What you have to do: In the records below, some lines hold the word "CANL". Copy each of those lines.

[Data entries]
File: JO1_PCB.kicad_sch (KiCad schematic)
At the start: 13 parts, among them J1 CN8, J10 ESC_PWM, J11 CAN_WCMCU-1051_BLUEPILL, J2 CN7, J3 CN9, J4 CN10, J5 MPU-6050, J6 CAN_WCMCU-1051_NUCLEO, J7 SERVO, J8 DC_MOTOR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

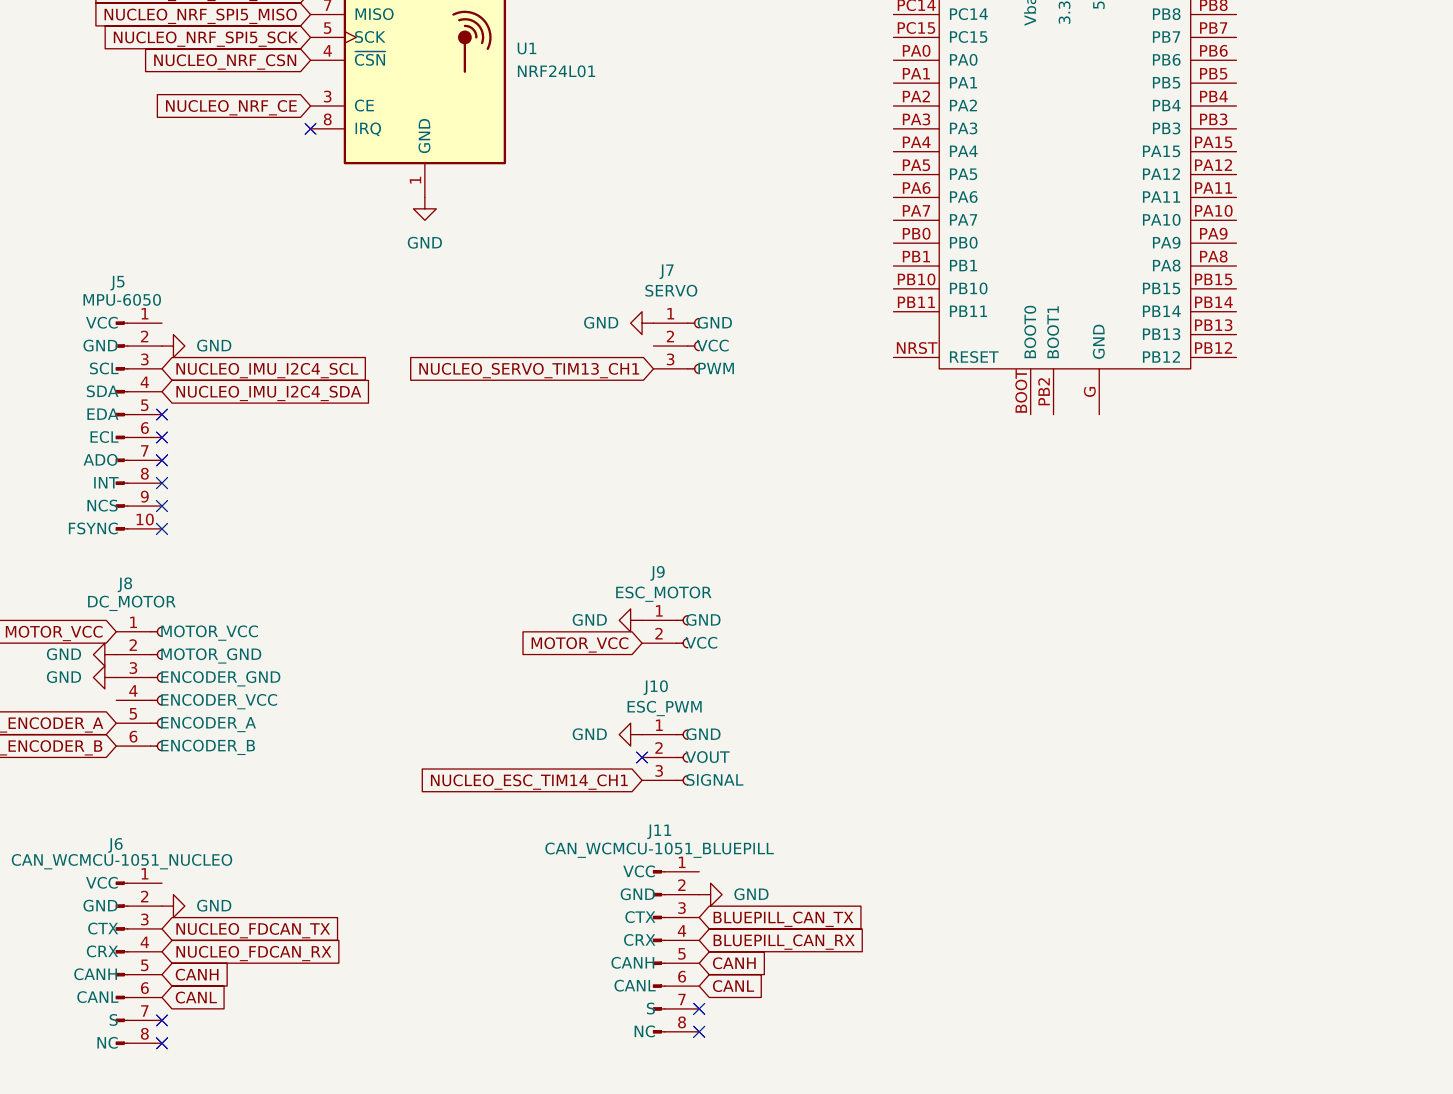
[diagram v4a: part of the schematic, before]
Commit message: Added CAN transceiver for Blue Pill
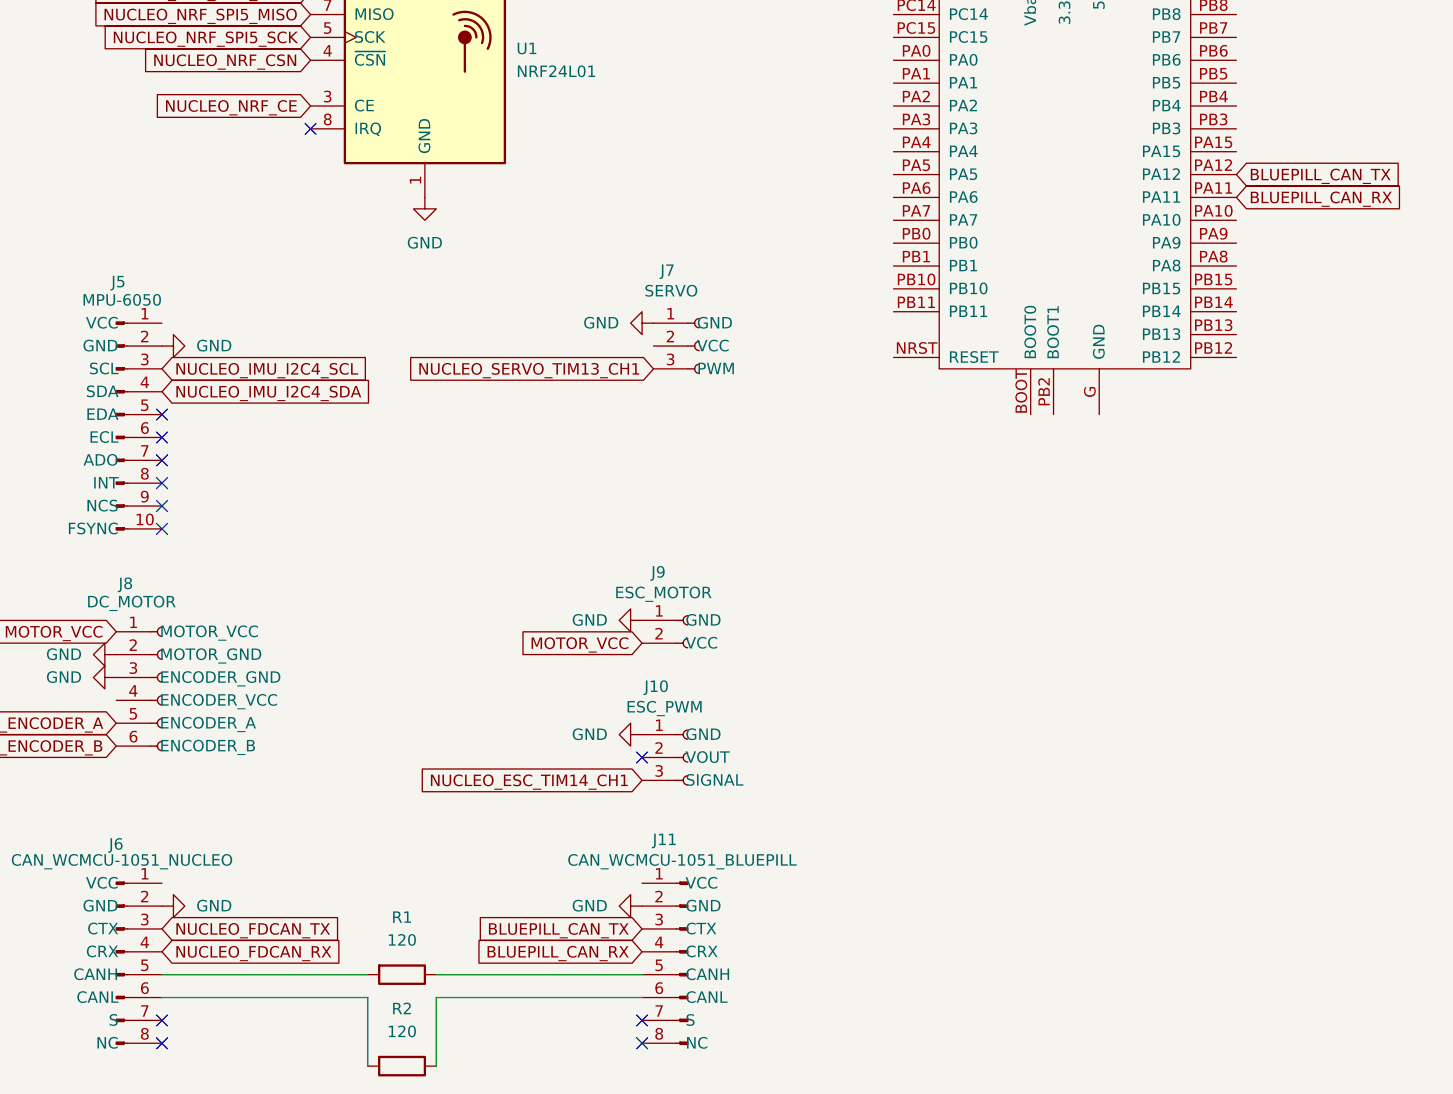
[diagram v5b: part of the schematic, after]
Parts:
- added R1, R2: 120, Resistor_THT:R_Axial_DIN0204_L3.6mm_D1.6mm_P5.08mm_Horizontal, symbol Device:R
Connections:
- net BLUEPILL_CAN_RX: now also U2.PA11
- net BLUEPILL_CAN_TX: now also U2.PA12
- net CANH: no longer names the net of J6.5 (CANH)
- net CANH: now also R1.2; no longer J11.5 (CANH)
- net CANL: no longer names the net of J6.6 (CANL)
- net CANL: now also R2.2; no longer J11.6 (CANL)
- new net: J11.5 (CANH), R1.1
- new net: J11.6 (CANL), R2.1
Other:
- moved on the sheet: J11

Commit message: Placed components
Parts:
- added H1, H2, H3, H4: MountingHole, MountingHole:MountingHole_2.1mm, symbol Mechanical:MountingHole
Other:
- moved on the sheet: U2

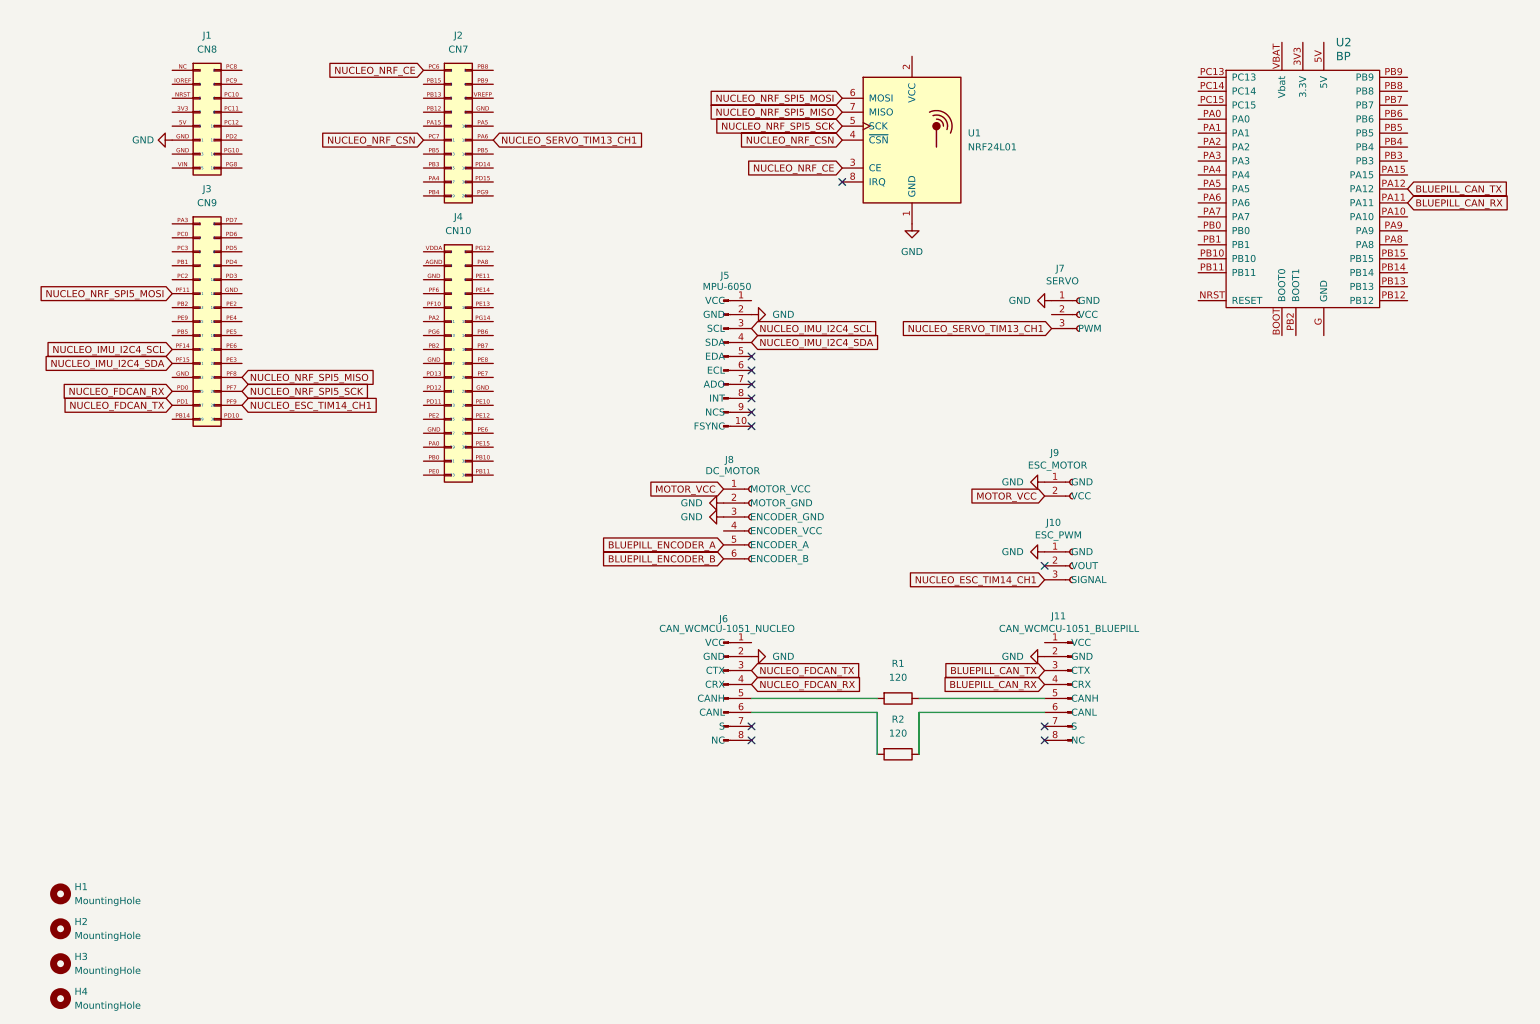
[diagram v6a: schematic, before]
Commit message: Added screw terminals
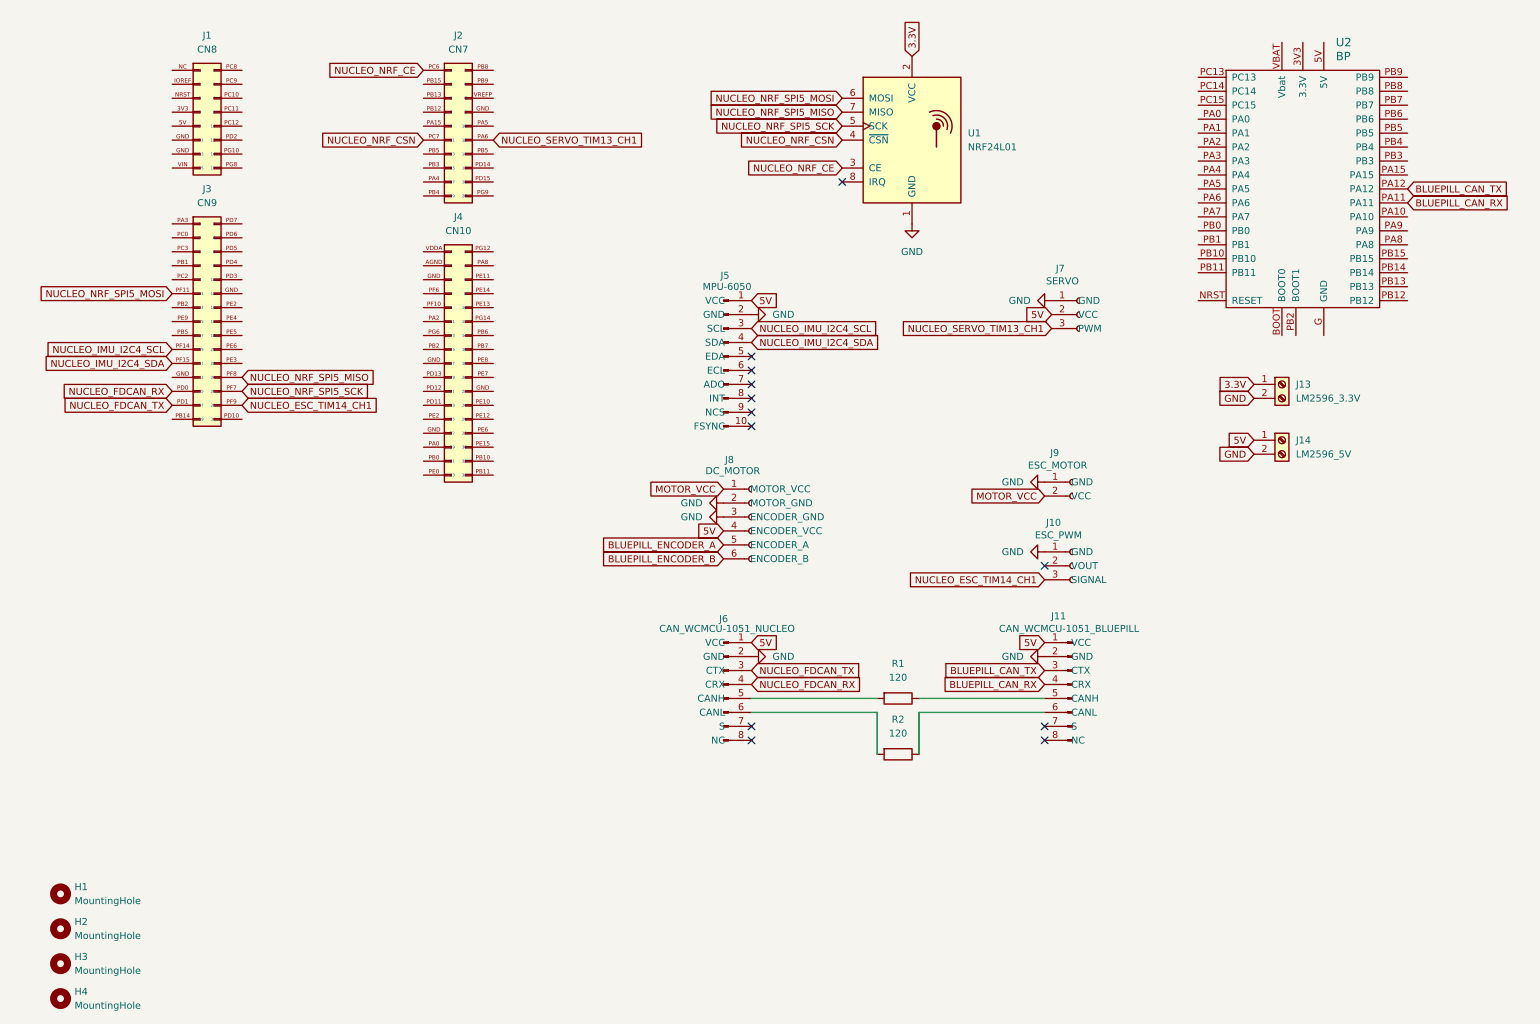
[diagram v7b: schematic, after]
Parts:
- added J13: LM2596_3.3V, symbol Connector:Screw_Terminal_01x02
- added J14: LM2596_5V, symbol Connector:Screw_Terminal_01x02
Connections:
- net GND: now also J13.2 (Pin_2), J14.2 (Pin_2); no longer J1.GND (13)
- net 5V: now reaches J5.1 (VCC)
- net 5V: now also J11.1 (VCC), J6.1 (VCC), J7.2 (VCC), J8.4 (ENCODER_VCC), J14.1 (Pin_1)
- net 3.3V: now reaches U1.2 (VCC)
- net 3.3V: now also J13.1 (Pin_1)

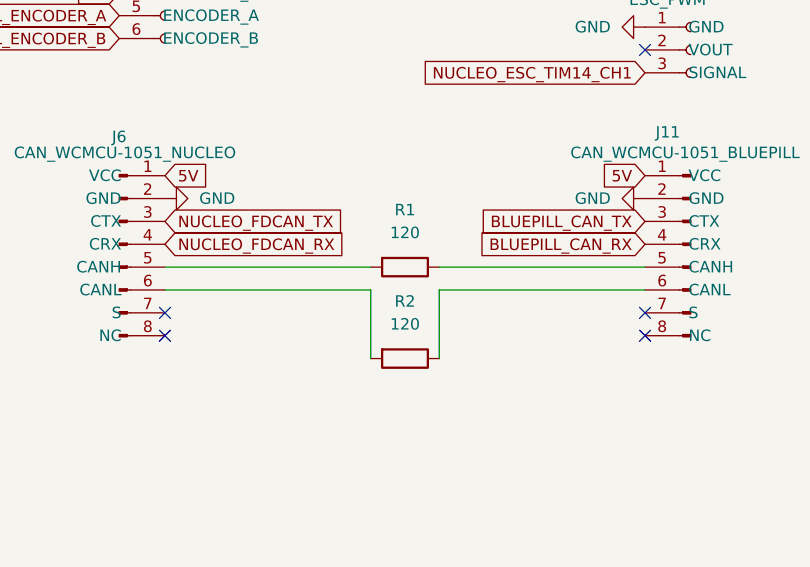
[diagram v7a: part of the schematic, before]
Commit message: Corrected CAN bus
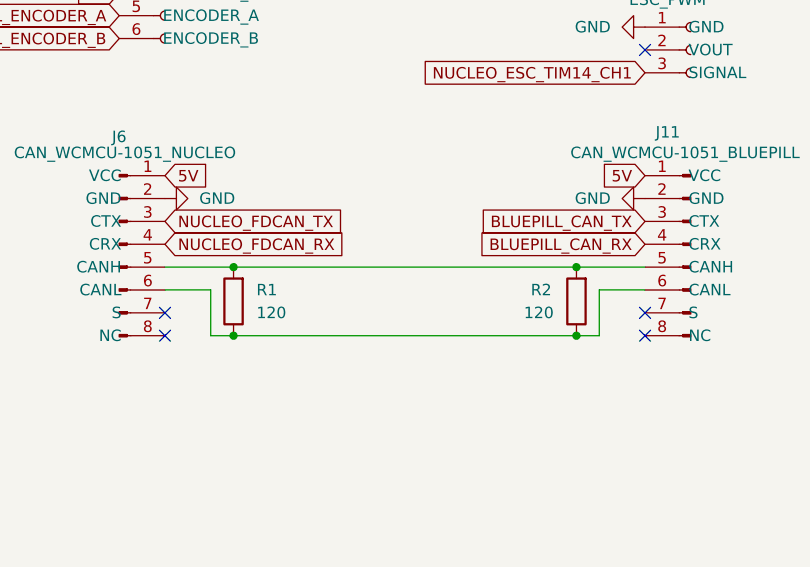
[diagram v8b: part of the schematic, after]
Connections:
- net at J6.5 (CANH), R1.2: now also J11.5 (CANH), R2.2
- net at J6.6 (CANL): now also J11.6 (CANL), R1.1, R2.1; no longer R2.2
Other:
- moved on the sheet: R1, R2
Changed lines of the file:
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@@
 	(generator_version "8.0")
 	(paper "A4")
+	(junction
+		(at 151.13 135.89)
+		(diameter 0)
+		(color 0 0 0 0)
+	)
+	(junction
+		(at 151.13 143.51)
+		(diameter 0)
+		(color 0 0 0 0)
+	)
+	(junction
+		(at 189.23 135.89)
+		(diameter 0)
+		(color 0 0 0 0)
+	)
+	(junction
+		(at 189.23 143.51)
+		(diameter 0)
+		(color 0 0 0 0)
+	)
 	(no_connect
 		(at 143.51 143.51)
@@
 	(wire
 		(pts
-			(xy 173.99 138.43) (xy 196.85 138.43)
+			(xy 189.23 143.51) (xy 191.77 143.51)
+		)
+		(stroke
+			(width 0)
+			(type default)
+		)
+	)
+	(wire
+		(pts
+			(xy 191.77 138.43) (xy 191.77 143.51)
+		)
+		(stroke
+			(width 0)
+			(type default)
+		)
+	)
+	(wire
+		(pts
+			(xy 143.51 138.43) (xy 148.59 138.43)
+		)
+		(stroke
+			(width 0)
+			(type default)
+		)
+	)
+	(wire
+		(pts
+			(xy 151.13 135.89) (xy 189.23 135.89)
 		)
 		(stroke
@@
 	(wire
 		(pts
-			(xy 166.37 138.43) (xy 166.37 146.05)
+			(xy 148.59 143.51) (xy 151.13 143.51)
 		)
 		(stroke
@@
 	(wire
 		(pts
-			(xy 173.99 146.05) (xy 173.99 138.43)
+			(xy 148.59 138.43) (xy 148.59 143.51)
 		)
 		(stroke
@@
 	(wire
 		(pts
-			(xy 143.51 135.89) (xy 166.37 135.89)
+			(xy 151.13 143.51) (xy 189.23 143.51)
 		)
 		(stroke
@@
 	(wire
 		(pts
-			(xy 173.99 135.89) (xy 196.85 135.89)
+			(xy 189.23 135.89) (xy 196.85 135.89)
 		)
 		(stroke
@@
 	(wire
 		(pts
-			(xy 143.51 138.43) (xy 166.37 138.43)
+			(xy 196.85 138.43) (xy 191.77 138.43)
+		)
+		(stroke
+			(width 0)
+			(type default)
+		)
+	)
+	(wire
+		(pts
+			(xy 143.51 135.89) (xy 151.13 135.89)
 		)
 		(stroke
@@
 	(symbol
 		(lib_id "Device:R")
-		(at 170.18 135.89 270)
+		(at 151.13 139.7 180)
 		(unit 1)
 		(exclude_from_sim no)
@@
 		(fields_autoplaced yes)
 		(property "Reference" "R1"
-			(at 170.18 129.54 90)
+			(at 153.67 138.4299 0)
 			(effects
 				(font
 					(size 1.27 1.27)
 				)
+				(justify right)
 			)
 		)
 		(property "Value" "120"
-			(at 170.18 132.08 90)
+			(at 153.67 140.9699 0)
 			(effects
 				(font
 					(size 1.27 1.27)
 				)
+				(justify right)
 			)
 		)
 		(property "Footprint" "Resistor_THT:R_Axial_DIN0204_L3.6mm_D1.6mm_P5.08mm_Horizontal"
-			(at 170.18 134.112 90)
+			(at 152.908 139.7 90)
 			(effects
 				(font
@@
 		)
 		(property "Datasheet" "~"
-			(at 170.18 135.89 0)
+			(at 151.13 139.7 0)
 			(effects
 				(font
@@
 		)
 		(property "Description" "Resistor"
-			(at 170.18 135.89 0)
+			(at 151.13 139.7 0)
 			(effects
 				(font
@@
 	(symbol
 		(lib_id "Device:R")
-		(at 170.18 146.05 270)
+		(at 189.23 139.7 180)
 		(unit 1)
 		(exclude_from_sim no)
@@
 		(on_board yes)
 		(dnp no)
-		(fields_autoplaced yes)
 		(property "Reference" "R2"
-			(at 170.18 139.7 90)
+			(at 184.15 138.43 0)
 			(effects
 				(font
 					(size 1.27 1.27)
 				)
+				(justify right)
 			)
 		)
 		(property "Value" "120"
-			(at 170.18 142.24 90)
+			(at 183.388 140.97 0)
 			(effects
 				(font
 					(size 1.27 1.27)
 				)
+				(justify right)
 			)
 		)
 		(property "Footprint" "Resistor_THT:R_Axial_DIN0204_L3.6mm_D1.6mm_P5.08mm_Horizontal"
-			(at 170.18 144.272 90)
+			(at 191.008 139.7 90)
 			(effects
 				(font
@@
 		)
 		(property "Datasheet" "~"
-			(at 170.18 146.05 0)
+			(at 189.23 139.7 0)
 			(effects
 				(font
@@
 		)
 		(property "Description" "Resistor"
-			(at 170.18 146.05 0)
+			(at 189.23 139.7 0)
 			(effects
 				(font

Exercise answer:
- net CANL: no longer names the net of J6.6 (CANL)
- net CANL: now also R2.2; no longer J11.6 (CANL)
- new net: J11.6 (CANL), R2.1
- net at J6.6 (CANL): now also J11.6 (CANL), R1.1, R2.1; no longer R2.2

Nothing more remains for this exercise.